--- REQUIRED WORK ---
From the entries below, transcribe exactly the lines between the line holding "#291=VERTEX_POINT('',#290);" and the line holding "#315=VERTEX_POINT('',#314);", inclusive; skip all other lines.

--- DATA EXTRACTS ---

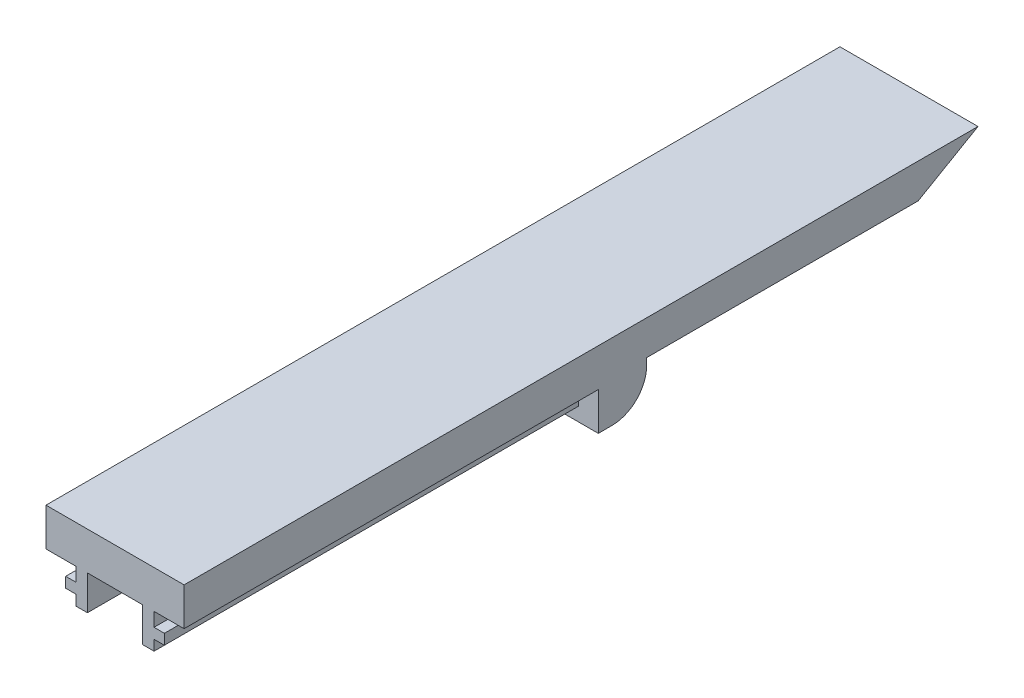
ISO-10303-21;
HEADER;
FILE_DESCRIPTION(('STEP AP214'),'2;1');
FILE_NAME('part.step','',(''),(''),'','','');
FILE_SCHEMA(('AUTOMOTIVE_DESIGN { 1 0 10303 214 1 1 1 1 }'));
ENDSEC;
DATA;
#1=APPLICATION_CONTEXT('core data for automotive mechanical design processes');
#2=APPLICATION_PROTOCOL_DEFINITION('international standard','automotive_design',2000,#1);
#3=PRODUCT_CONTEXT('',#1,'mechanical');
#4=PRODUCT('Part','Part','',(#3));
#5=PRODUCT_RELATED_PRODUCT_CATEGORY('part','',(#4));
#6=PRODUCT_DEFINITION_FORMATION('','',#4);
#7=PRODUCT_DEFINITION_CONTEXT('part definition',#1,'design');
#8=PRODUCT_DEFINITION('design','',#6,#7);
#9=PRODUCT_DEFINITION_SHAPE('','',#8);
#10=(LENGTH_UNIT() NAMED_UNIT(*) SI_UNIT(.MILLI.,.METRE.));
#11=(NAMED_UNIT(*) PLANE_ANGLE_UNIT() SI_UNIT($,.RADIAN.));
#12=(NAMED_UNIT(*) SI_UNIT($,.STERADIAN.) SOLID_ANGLE_UNIT());
#13=UNCERTAINTY_MEASURE_WITH_UNIT(LENGTH_MEASURE(1.E-05),#10,'distance_accuracy_value','');
#14=(GEOMETRIC_REPRESENTATION_CONTEXT(3) GLOBAL_UNCERTAINTY_ASSIGNED_CONTEXT((#13)) GLOBAL_UNIT_ASSIGNED_CONTEXT((#10,
#11,#12)) REPRESENTATION_CONTEXT('',''));
#15=CARTESIAN_POINT('',(0.,0.,0.));
#16=DIRECTION('',(0.,0.,1.));
#17=DIRECTION('',(1.,0.,0.));
#18=AXIS2_PLACEMENT_3D('',#15,#16,#17);
#19=CARTESIAN_POINT('',(0.,-39.8788629522422,-23.0240722604533));
#20=DIRECTION('',(0.,-0.866025403784438,-0.500000000000001));
#21=DIRECTION('',(0.,0.500000000000001,-0.866025403784438));
#22=AXIS2_PLACEMENT_3D('',#19,#20,#21);
#23=PLANE('',#22);
#24=DIRECTION('',(0.,0.500000000000001,-0.866025403784438));
#25=VECTOR('',#24,1.);
#26=CARTESIAN_POINT('',(-6.53631284916201,12.4734636871508,-113.700961894323));
#27=LINE('',#26,#25);
#28=CARTESIAN_POINT('',(-6.53631284916201,8.22346368715084,-106.339745962156));
#29=VERTEX_POINT('',#28);
#30=CARTESIAN_POINT('',(-6.53631284916201,13.2234636871508,-115.));
#31=VERTEX_POINT('',#30);
#32=EDGE_CURVE('E225',#29,#31,#27,.T.);
#33=ORIENTED_EDGE('',*,*,#32,.F.);
#34=DIRECTION('',(-1.,0.,0.));
#35=VECTOR('',#34,1.);
#36=CARTESIAN_POINT('',(0.,8.22346368715084,-106.339745962156));
#37=LINE('',#36,#35);
#38=CARTESIAN_POINT('',(-26.536312849162,8.22346368715083,-106.339745962156));
#39=VERTEX_POINT('',#38);
#40=EDGE_CURVE('E208',#29,#39,#37,.T.);
#41=ORIENTED_EDGE('',*,*,#40,.T.);
#42=DIRECTION('',(0.,-0.500000000000001,0.866025403784438));
#43=VECTOR('',#42,1.);
#44=CARTESIAN_POINT('',(-26.536312849162,12.4734636871508,-113.700961894323));
#45=LINE('',#44,#43);
#46=CARTESIAN_POINT('',(-26.536312849162,13.2234636871508,-115.));
#47=VERTEX_POINT('',#46);
#48=EDGE_CURVE('E229',#47,#39,#45,.T.);
#49=ORIENTED_EDGE('',*,*,#48,.F.);
#50=DIRECTION('',(-1.,0.,0.));
#51=VECTOR('',#50,1.);
#52=CARTESIAN_POINT('',(-6.53631284916201,13.2234636871508,-115.));
#53=LINE('',#52,#51);
#54=EDGE_CURVE('E241',#31,#47,#53,.T.);
#55=ORIENTED_EDGE('',*,*,#54,.F.);
#56=EDGE_LOOP('',(#33,#41,#49,#55));
#57=FACE_BOUND('',#56,.T.);
#58=ADVANCED_FACE('F37',(#57),#23,.T.);
#59=CARTESIAN_POINT('',(-26.536312849162,2.22346368715084,-115.));
#60=DIRECTION('',(0.,-1.,0.));
#61=DIRECTION('',(0.,0.,-1.));
#62=AXIS2_PLACEMENT_3D('',#59,#60,#61);
#63=PLANE('',#62);
#64=DIRECTION('',(0.,0.,1.));
#65=VECTOR('',#64,1.);
#66=CARTESIAN_POINT('',(-26.536312849162,2.22346368715084,-115.));
#67=LINE('',#66,#65);
#68=CARTESIAN_POINT('',(-26.536312849162,2.22346368715084,-62.));
#69=VERTEX_POINT('',#68);
#70=CARTESIAN_POINT('',(-26.536312849162,2.22346368715084,-60.));
#71=VERTEX_POINT('',#70);
#72=EDGE_CURVE('E396',#69,#71,#67,.T.);
#73=ORIENTED_EDGE('',*,*,#72,.F.);
#74=DIRECTION('',(-1.,0.,0.));
#75=VECTOR('',#74,1.);
#76=CARTESIAN_POINT('',(-6.53631284916201,2.22346368715084,-62.));
#77=LINE('',#76,#75);
#78=CARTESIAN_POINT('',(-6.53631284916201,2.22346368715084,-62.));
#79=VERTEX_POINT('',#78);
#80=EDGE_CURVE('E45',#69,#79,#77,.F.);
#81=ORIENTED_EDGE('',*,*,#80,.T.);
#82=DIRECTION('',(0.,0.,1.));
#83=VECTOR('',#82,1.);
#84=CARTESIAN_POINT('',(-6.53631284916201,2.22346368715084,-115.));
#85=LINE('',#84,#83);
#86=CARTESIAN_POINT('',(-6.53631284916201,2.22346368715084,-60.));
#87=VERTEX_POINT('',#86);
#88=EDGE_CURVE('E397',#79,#87,#85,.T.);
#89=ORIENTED_EDGE('',*,*,#88,.T.);
#90=DIRECTION('',(1.,0.,0.));
#91=VECTOR('',#90,1.);
#92=CARTESIAN_POINT('',(-26.536312849162,2.22346368715084,-60.));
#93=LINE('',#92,#91);
#94=EDGE_CURVE('E248',#71,#87,#93,.T.);
#95=ORIENTED_EDGE('',*,*,#94,.F.);
#96=EDGE_LOOP('',(#73,#81,#89,#95));
#97=FACE_BOUND('',#96,.T.);
#98=ADVANCED_FACE('F429',(#97),#63,.T.);
#99=CARTESIAN_POINT('',(-26.536312849162,10.2234636871508,-115.));
#100=DIRECTION('',(-1.,0.,0.));
#101=DIRECTION('',(0.,0.,1.));
#102=AXIS2_PLACEMENT_3D('',#99,#100,#101);
#103=PLANE('',#102);
#104=DIRECTION('',(0.,-1.,0.));
#105=VECTOR('',#104,1.);
#106=CARTESIAN_POINT('',(-26.536312849162,8.22346368715084,-67.));
#107=LINE('',#106,#105);
#108=CARTESIAN_POINT('',(-26.536312849162,8.22346368715084,-67.));
#109=VERTEX_POINT('',#108);
#110=CARTESIAN_POINT('',(-26.536312849162,7.22346368715084,-67.));
#111=VERTEX_POINT('',#110);
#112=EDGE_CURVE('E220',#109,#111,#107,.T.);
#113=ORIENTED_EDGE('',*,*,#112,.T.);
#114=CARTESIAN_POINT('',(-26.536312849162,7.22346368715084,-62.));
#115=DIRECTION('',(-1.,0.,0.));
#116=DIRECTION('',(0.,0.,1.));
#117=AXIS2_PLACEMENT_3D('',#114,#115,#116);
#118=CIRCLE('',#117,5.);
#119=EDGE_CURVE('E59',#111,#69,#118,.T.);
#120=ORIENTED_EDGE('',*,*,#119,.T.);
#121=ORIENTED_EDGE('',*,*,#72,.T.);
#122=DIRECTION('',(0.,-1.,0.));
#123=VECTOR('',#122,1.);
#124=CARTESIAN_POINT('',(-26.536312849162,7.72346368715084,-60.));
#125=LINE('',#124,#123);
#126=CARTESIAN_POINT('',(-26.536312849162,7.72346368715084,-60.));
#127=VERTEX_POINT('',#126);
#128=EDGE_CURVE('E245',#127,#71,#125,.T.);
#129=ORIENTED_EDGE('',*,*,#128,.F.);
#130=DIRECTION('',(0.,0.,1.));
#131=VECTOR('',#130,1.);
#132=CARTESIAN_POINT('',(-26.536312849162,7.72346368715084,-60.));
#133=LINE('',#132,#131);
#134=CARTESIAN_POINT('',(-26.536312849162,7.72346368715084,0.));
#135=VERTEX_POINT('',#134);
#136=EDGE_CURVE('E355',#127,#135,#133,.T.);
#137=ORIENTED_EDGE('',*,*,#136,.T.);
#138=DIRECTION('',(0.,-1.,0.));
#139=VECTOR('',#138,1.);
#140=CARTESIAN_POINT('',(-26.536312849162,10.2234636871508,0.));
#141=LINE('',#140,#139);
#142=CARTESIAN_POINT('',(-26.536312849162,13.2234636871508,0.));
#143=VERTEX_POINT('',#142);
#144=EDGE_CURVE('E358',#143,#135,#141,.T.);
#145=ORIENTED_EDGE('',*,*,#144,.F.);
#146=DIRECTION('',(0.,0.,1.));
#147=VECTOR('',#146,1.);
#148=CARTESIAN_POINT('',(-26.536312849162,13.2234636871508,-115.));
#149=LINE('',#148,#147);
#150=EDGE_CURVE('E232',#47,#143,#149,.T.);
#151=ORIENTED_EDGE('',*,*,#150,.F.);
#152=ORIENTED_EDGE('',*,*,#48,.T.);
#153=DIRECTION('',(0.,0.,-1.));
#154=VECTOR('',#153,1.);
#155=CARTESIAN_POINT('',(-26.536312849162,8.22346368715084,-67.));
#156=LINE('',#155,#154);
#157=EDGE_CURVE('E212',#109,#39,#156,.T.);
#158=ORIENTED_EDGE('',*,*,#157,.F.);
#159=EDGE_LOOP('',(#113,#120,#121,#129,#137,#145,#151,#152,#158));
#160=FACE_BOUND('',#159,.T.);
#161=ADVANCED_FACE('F404',(#160),#103,.T.);
#162=CARTESIAN_POINT('',(-6.53631284916201,10.2234636871508,-115.));
#163=DIRECTION('',(1.,0.,0.));
#164=DIRECTION('',(0.,1.,0.));
#165=AXIS2_PLACEMENT_3D('',#162,#163,#164);
#166=PLANE('',#165);
#167=ORIENTED_EDGE('',*,*,#88,.F.);
#168=CARTESIAN_POINT('',(-6.53631284916201,7.22346368715084,-62.));
#169=DIRECTION('',(1.,0.,0.));
#170=DIRECTION('',(0.,1.,0.));
#171=AXIS2_PLACEMENT_3D('',#168,#169,#170);
#172=CIRCLE('',#171,5.);
#173=CARTESIAN_POINT('',(-6.53631284916201,7.22346368715084,-67.));
#174=VERTEX_POINT('',#173);
#175=EDGE_CURVE('E11',#79,#174,#172,.T.);
#176=ORIENTED_EDGE('',*,*,#175,.T.);
#177=DIRECTION('',(0.,-1.,0.));
#178=VECTOR('',#177,1.);
#179=CARTESIAN_POINT('',(-6.53631284916201,8.22346368715084,-67.));
#180=LINE('',#179,#178);
#181=CARTESIAN_POINT('',(-6.53631284916201,8.22346368715084,-67.));
#182=VERTEX_POINT('',#181);
#183=EDGE_CURVE('E218',#182,#174,#180,.T.);
#184=ORIENTED_EDGE('',*,*,#183,.F.);
#185=DIRECTION('',(0.,0.,1.));
#186=VECTOR('',#185,1.);
#187=CARTESIAN_POINT('',(-6.53631284916201,8.22346368715084,-67.));
#188=LINE('',#187,#186);
#189=EDGE_CURVE('E202',#29,#182,#188,.T.);
#190=ORIENTED_EDGE('',*,*,#189,.F.);
#191=ORIENTED_EDGE('',*,*,#32,.T.);
#192=DIRECTION('',(0.,0.,-1.));
#193=VECTOR('',#192,1.);
#194=CARTESIAN_POINT('',(-6.53631284916201,13.2234636871508,0.));
#195=LINE('',#194,#193);
#196=CARTESIAN_POINT('',(-6.53631284916201,13.2234636871508,0.));
#197=VERTEX_POINT('',#196);
#198=EDGE_CURVE('E238',#197,#31,#195,.T.);
#199=ORIENTED_EDGE('',*,*,#198,.F.);
#200=DIRECTION('',(0.,1.,0.));
#201=VECTOR('',#200,1.);
#202=CARTESIAN_POINT('',(-6.53631284916201,10.2234636871508,0.));
#203=LINE('',#202,#201);
#204=CARTESIAN_POINT('',(-6.53631284916201,7.72346368715084,0.));
#205=VERTEX_POINT('',#204);
#206=EDGE_CURVE('E394',#205,#197,#203,.T.);
#207=ORIENTED_EDGE('',*,*,#206,.F.);
#208=DIRECTION('',(0.,0.,1.));
#209=VECTOR('',#208,1.);
#210=CARTESIAN_POINT('',(-6.53631284916202,7.72346368715084,-60.));
#211=LINE('',#210,#209);
#212=CARTESIAN_POINT('',(-6.53631284916202,7.72346368715084,-60.));
#213=VERTEX_POINT('',#212);
#214=EDGE_CURVE('E306',#213,#205,#211,.T.);
#215=ORIENTED_EDGE('',*,*,#214,.F.);
#216=DIRECTION('',(0.,1.,0.));
#217=VECTOR('',#216,1.);
#218=CARTESIAN_POINT('',(-6.53631284916202,7.72346368715084,-60.));
#219=LINE('',#218,#217);
#220=EDGE_CURVE('E252',#87,#213,#219,.T.);
#221=ORIENTED_EDGE('',*,*,#220,.F.);
#222=EDGE_LOOP('',(#167,#176,#184,#190,#191,#199,#207,#215,#221));
#223=FACE_BOUND('',#222,.T.);
#224=ADVANCED_FACE('F222',(#223),#166,.T.);
#225=CARTESIAN_POINT('',(0.,0.,0.));
#226=DIRECTION('',(0.,0.,1.));
#227=DIRECTION('',(1.,0.,0.));
#228=AXIS2_PLACEMENT_3D('',#225,#226,#227);
#229=PLANE('',#228);
#230=DIRECTION('',(-1.,0.,0.));
#231=VECTOR('',#230,1.);
#232=CARTESIAN_POINT('',(-26.536312849162,7.72346368715084,0.));
#233=LINE('',#232,#231);
#234=CARTESIAN_POINT('',(-22.186312849162,7.72346368715084,0.));
#235=VERTEX_POINT('',#234);
#236=EDGE_CURVE('E249',#235,#135,#233,.T.);
#237=ORIENTED_EDGE('',*,*,#236,.F.);
#238=DIRECTION('',(0.,1.,0.));
#239=VECTOR('',#238,1.);
#240=CARTESIAN_POINT('',(-22.186312849162,7.72346368715084,0.));
#241=LINE('',#240,#239);
#242=CARTESIAN_POINT('',(-22.186312849162,5.72346368715084,0.));
#243=VERTEX_POINT('',#242);
#244=EDGE_CURVE('E351',#243,#235,#241,.T.);
#245=ORIENTED_EDGE('',*,*,#244,.F.);
#246=DIRECTION('',(1.,0.,0.));
#247=VECTOR('',#246,1.);
#248=CARTESIAN_POINT('',(-22.186312849162,5.72346368715084,0.));
#249=LINE('',#248,#247);
#250=CARTESIAN_POINT('',(-23.686312849162,5.72346368715084,0.));
#251=VERTEX_POINT('',#250);
#252=EDGE_CURVE('E348',#251,#243,#249,.T.);
#253=ORIENTED_EDGE('',*,*,#252,.F.);
#254=DIRECTION('',(0.,1.,0.));
#255=VECTOR('',#254,1.);
#256=CARTESIAN_POINT('',(-23.686312849162,5.72346368715084,0.));
#257=LINE('',#256,#255);
#258=CARTESIAN_POINT('',(-23.686312849162,4.22346368715084,0.));
#259=VERTEX_POINT('',#258);
#260=EDGE_CURVE('E345',#259,#251,#257,.T.);
#261=ORIENTED_EDGE('',*,*,#260,.F.);
#262=DIRECTION('',(-1.,0.,0.));
#263=VECTOR('',#262,1.);
#264=CARTESIAN_POINT('',(-23.686312849162,4.22346368715084,0.));
#265=LINE('',#264,#263);
#266=CARTESIAN_POINT('',(-22.186312849162,4.22346368715084,0.));
#267=VERTEX_POINT('',#266);
#268=EDGE_CURVE('E342',#267,#259,#265,.T.);
#269=ORIENTED_EDGE('',*,*,#268,.F.);
#270=DIRECTION('',(0.,1.,0.));
#271=VECTOR('',#270,1.);
#272=CARTESIAN_POINT('',(-22.186312849162,4.22346368715084,0.));
#273=LINE('',#272,#271);
#274=CARTESIAN_POINT('',(-22.186312849162,2.72346368715084,0.));
#275=VERTEX_POINT('',#274);
#276=EDGE_CURVE('E339',#275,#267,#273,.T.);
#277=ORIENTED_EDGE('',*,*,#276,.F.);
#278=DIRECTION('',(-1.,0.,0.));
#279=VECTOR('',#278,1.);
#280=CARTESIAN_POINT('',(-22.186312849162,2.72346368715084,0.));
#281=LINE('',#280,#279);
#282=CARTESIAN_POINT('',(-20.536312849162,2.72346368715084,0.));
#283=VERTEX_POINT('',#282);
#284=EDGE_CURVE('E336',#283,#275,#281,.T.);
#285=ORIENTED_EDGE('',*,*,#284,.F.);
#286=DIRECTION('',(0.,-1.,0.));
#287=VECTOR('',#286,1.);
#288=CARTESIAN_POINT('',(-20.536312849162,2.72346368715084,0.));
#289=LINE('',#288,#287);
#290=CARTESIAN_POINT('',(-20.536312849162,7.72346368715084,0.));
#291=VERTEX_POINT('',#290);
#292=EDGE_CURVE('E333',#291,#283,#289,.T.);
#293=ORIENTED_EDGE('',*,*,#292,.F.);
#294=DIRECTION('',(-1.,0.,0.));
#295=VECTOR('',#294,1.);
#296=CARTESIAN_POINT('',(-20.536312849162,7.72346368715084,0.));
#297=LINE('',#296,#295);
#298=CARTESIAN_POINT('',(-12.536312849162,7.72346368715084,0.));
#299=VERTEX_POINT('',#298);
#300=EDGE_CURVE('E330',#299,#291,#297,.T.);
#301=ORIENTED_EDGE('',*,*,#300,.F.);
#302=DIRECTION('',(0.,1.,0.));
#303=VECTOR('',#302,1.);
#304=CARTESIAN_POINT('',(-12.536312849162,2.72346368715084,0.));
#305=LINE('',#304,#303);
#306=CARTESIAN_POINT('',(-12.536312849162,2.72346368715084,0.));
#307=VERTEX_POINT('',#306);
#308=EDGE_CURVE('E327',#307,#299,#305,.T.);
#309=ORIENTED_EDGE('',*,*,#308,.F.);
#310=DIRECTION('',(-1.,0.,0.));
#311=VECTOR('',#310,1.);
#312=CARTESIAN_POINT('',(-10.886312849162,2.72346368715084,0.));
#313=LINE('',#312,#311);
#314=CARTESIAN_POINT('',(-10.886312849162,2.72346368715084,0.));
#315=VERTEX_POINT('',#314);
#316=EDGE_CURVE('E324',#315,#307,#313,.T.);
#317=ORIENTED_EDGE('',*,*,#316,.F.);
#318=DIRECTION('',(0.,-1.,0.));
#319=VECTOR('',#318,1.);
#320=CARTESIAN_POINT('',(-10.886312849162,4.22346368715084,0.));
#321=LINE('',#320,#319);
#322=CARTESIAN_POINT('',(-10.886312849162,4.22346368715084,0.));
#323=VERTEX_POINT('',#322);
#324=EDGE_CURVE('E321',#323,#315,#321,.T.);
#325=ORIENTED_EDGE('',*,*,#324,.F.);
#326=DIRECTION('',(-1.,0.,0.));
#327=VECTOR('',#326,1.);
#328=CARTESIAN_POINT('',(-9.38631284916202,4.22346368715084,0.));
#329=LINE('',#328,#327);
#330=CARTESIAN_POINT('',(-9.38631284916202,4.22346368715084,0.));
#331=VERTEX_POINT('',#330);
#332=EDGE_CURVE('E318',#331,#323,#329,.T.);
#333=ORIENTED_EDGE('',*,*,#332,.F.);
#334=DIRECTION('',(0.,-1.,0.));
#335=VECTOR('',#334,1.);
#336=CARTESIAN_POINT('',(-9.38631284916202,5.72346368715084,0.));
#337=LINE('',#336,#335);
#338=CARTESIAN_POINT('',(-9.38631284916202,5.72346368715084,0.));
#339=VERTEX_POINT('',#338);
#340=EDGE_CURVE('E315',#339,#331,#337,.T.);
#341=ORIENTED_EDGE('',*,*,#340,.F.);
#342=DIRECTION('',(1.,0.,0.));
#343=VECTOR('',#342,1.);
#344=CARTESIAN_POINT('',(-10.886312849162,5.72346368715084,0.));
#345=LINE('',#344,#343);
#346=CARTESIAN_POINT('',(-10.886312849162,5.72346368715084,0.));
#347=VERTEX_POINT('',#346);
#348=EDGE_CURVE('E312',#347,#339,#345,.T.);
#349=ORIENTED_EDGE('',*,*,#348,.F.);
#350=DIRECTION('',(0.,-1.,0.));
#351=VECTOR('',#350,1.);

--- SOLUTION FOR THIS PROBLEM ---
#291=VERTEX_POINT('',#290);
#292=EDGE_CURVE('E333',#291,#283,#289,.T.);
#293=ORIENTED_EDGE('',*,*,#292,.F.);
#294=DIRECTION('',(-1.,0.,0.));
#295=VECTOR('',#294,1.);
#296=CARTESIAN_POINT('',(-20.536312849162,7.72346368715084,0.));
#297=LINE('',#296,#295);
#298=CARTESIAN_POINT('',(-12.536312849162,7.72346368715084,0.));
#299=VERTEX_POINT('',#298);
#300=EDGE_CURVE('E330',#299,#291,#297,.T.);
#301=ORIENTED_EDGE('',*,*,#300,.F.);
#302=DIRECTION('',(0.,1.,0.));
#303=VECTOR('',#302,1.);
#304=CARTESIAN_POINT('',(-12.536312849162,2.72346368715084,0.));
#305=LINE('',#304,#303);
#306=CARTESIAN_POINT('',(-12.536312849162,2.72346368715084,0.));
#307=VERTEX_POINT('',#306);
#308=EDGE_CURVE('E327',#307,#299,#305,.T.);
#309=ORIENTED_EDGE('',*,*,#308,.F.);
#310=DIRECTION('',(-1.,0.,0.));
#311=VECTOR('',#310,1.);
#312=CARTESIAN_POINT('',(-10.886312849162,2.72346368715084,0.));
#313=LINE('',#312,#311);
#314=CARTESIAN_POINT('',(-10.886312849162,2.72346368715084,0.));
#315=VERTEX_POINT('',#314);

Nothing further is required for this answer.